Alliances of Necessity

by theZanyArthropleura



Category: Star Wars - All Media Types
Genre: Ableism, Free Ryloth Movement, Fulcrum Network (Star Wars), Gen, Past Abuse, Prosthetics, Twi'leks (Star Wars), slavery mentions
Language: English
Status: Completed
Published: 2021-02-18
Updated: 2021-02-18
Packaged: 2021-03-13 09:07:34
Rating: Teen And Up Audiences
Warnings: No Archive Warnings Apply
Chapters: 1
Words: 2,034
Publisher: archiveofourown.org
Story URL: https://archiveofourown.org/works/29524080
Author URL: https://archiveofourown.org/users/theZanyArthropleura/pseuds/theZanyArthropleura
Summary: Ryloth was not a homecoming, but she’d never been promised that.
Relationships: Rianna Saren & Cham Syndulla, Rianna Saren & Z-58-O | Zeeo
Kudos: 1





	Alliances of Necessity

She moved through the crowd like she was supposed to be there, ignoring the looks that would have been cast her way regardless of the fact her light jog probably broke the socially-agreed-upon speed limit in a forum reserved for dining and casual conversation.

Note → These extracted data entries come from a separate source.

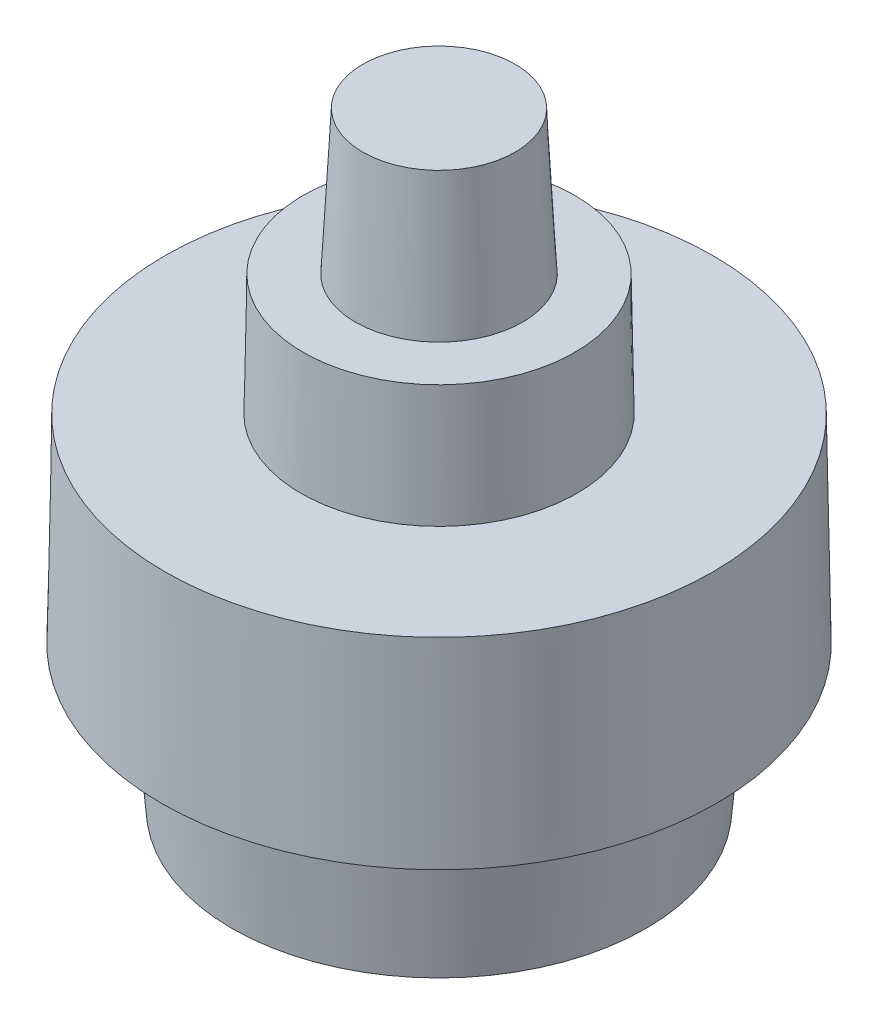
from build123d import *

# Parameters (mm, degrees)
SCALE1_SCALE             = 1.015
MOVE_START               = -3.416970763
MOVE_FACE1_OUTLINE_R     = 56.84
MOVE_FACE1_OUTLINE_R_2   = 45.72
MOVE_FACE1_DEPTH         = 31.42
MOVE_START_2             = 28.003029237
MOVE_FACE1_2_OUTLINE_R   = 28.42
MOVE_FACE1_2_OUTLINE_R_2 = 17.3
MOVE_FACE1_2_DEPTH       = 35.48
SKETCH2_R                = 17.5
BOSS_EXTRUDE1_DEPTH      = 30
BOSS_EXTRUDE1_TAPER      = 3
SKETCH3_R                = 45.92
BOSS_EXTRUDE2_DEPTH      = 30
BOSS_EXTRUDE2_TAPER      = 5
SHELL1_T                 = -0.2
SHELL2_T                 = -0.2


# Read off the part's stored shape, not the designer's step: Move Face1, Draft1
with BuildPart() as part:
    # Sketch1 → Revolve1 (revolve)
    with BuildSketch(Plane.XY, mode=Mode.PRIVATE) as revolve1_sk:
        Polygon((56, 0), (48, 0), (48, 28), (20, 28), (20, 60), (28, 60), (28, 38), (56, 38), align=None)
    revolve(revolve1_sk.sketch.rotate(Axis((0, 93.493183641, 0), (0, -1, 0)), 90), axis=Axis((0, 93.493183641, 0), (0, -1, 0)))


with BuildPart() as part_1:
    # Scale1: scaled about (0, 27.798050893, 0)
    add(part.part.scale(SCALE1_SCALE).moved(Location((0, -0.416970763, 0))))

    # Move Face1 outline → Move Face1 (add)
    with BuildSketch(Plane(origin=(0, 0, 0), x_dir=(1, 0, 0), z_dir=(0, 1, 0)).offset(MOVE_START)):
        Circle(MOVE_FACE1_OUTLINE_R)
        Circle(MOVE_FACE1_OUTLINE_R_2, mode=Mode.SUBTRACT)
    extrude(amount=MOVE_FACE1_DEPTH)

    # Move Face1 2 outline → Move Face1 2 (add)
    with BuildSketch(Plane(origin=(0, 0, 0), x_dir=(1, 0, 0), z_dir=(0, 1, 0)).offset(MOVE_START_2)):
        Circle(MOVE_FACE1_2_OUTLINE_R)
        Circle(MOVE_FACE1_2_OUTLINE_R_2, mode=Mode.SUBTRACT)
    extrude(amount=MOVE_FACE1_2_DEPTH)

    # Draft1 outline → Draft1 (revolve)
    with BuildSketch(Plane.XY):
        Polygon((56.84, -3.416970763), (58.007743844, -3.416970763), (57.282136795, 38.153029237), (56.84, 38.153029237), align=None)
        Polygon((28.42, 38.153029237), (28.862136795, 38.153029237), (28.42, 63.483029237), align=None)
    revolve(axis=Axis((0, 0, 0), (0, 1, 0)))


with BuildPart() as body_2:
    # Sketch2 → Boss-Extrude1 (new body)
    with BuildSketch(Plane(origin=(0, 63.483029237, 0), x_dir=(1, 0, 0), z_dir=(0, 1, 0))):
        Circle(SKETCH2_R)
    extrude(amount=BOSS_EXTRUDE1_DEPTH, taper=BOSS_EXTRUDE1_TAPER)

    # Shell1
    shell1_openings = [body_2.faces().sort_by_distance(p)[0] for p in [
        (0, 63.483029237, 0),
    ]]
    offset(amount=SHELL1_T, openings=shell1_openings, kind=Kind.INTERSECTION)


with BuildPart() as body_3:
    # Sketch3 → Boss-Extrude2 (new body)
    with BuildSketch(Plane.XZ.offset(3.416970763)):
        Circle(SKETCH3_R)
    extrude(amount=BOSS_EXTRUDE2_DEPTH, taper=BOSS_EXTRUDE2_TAPER)

    # Shell2
    shell2_openings = [body_3.faces().sort_by_distance(p)[0] for p in [
        (0, -3.416970763, 0),
    ]]
    offset(amount=SHELL2_T, openings=shell2_openings, kind=Kind.INTERSECTION)


solid = Compound([part_1.part, body_2.part, body_3.part])

The open cavern, with tables spaced about a gently-sloping floor carved into tiers, denied her a designated travel lane anyway, as her destination wasn’t the half-circle, diner-style counter built against the far wall at the lowest point. She kept her sights on a two-seated table on one of the higher tiers in the northern corner, out of the way enough to avoid even the moderate volume the dining space might ascend to. Twi’leks were a quiet people.

In the unavoidable golden tint of the light – despite the best efforts to brighten the place enough that it wouldn’t feel as deep underground as it was – Cham’s pale-ish orange skin almost matched her own darker, more vibrant shade. It was hard to tell how long he’d been waiting, but a small appetizer plate had been pushed to the side, utensils crossed.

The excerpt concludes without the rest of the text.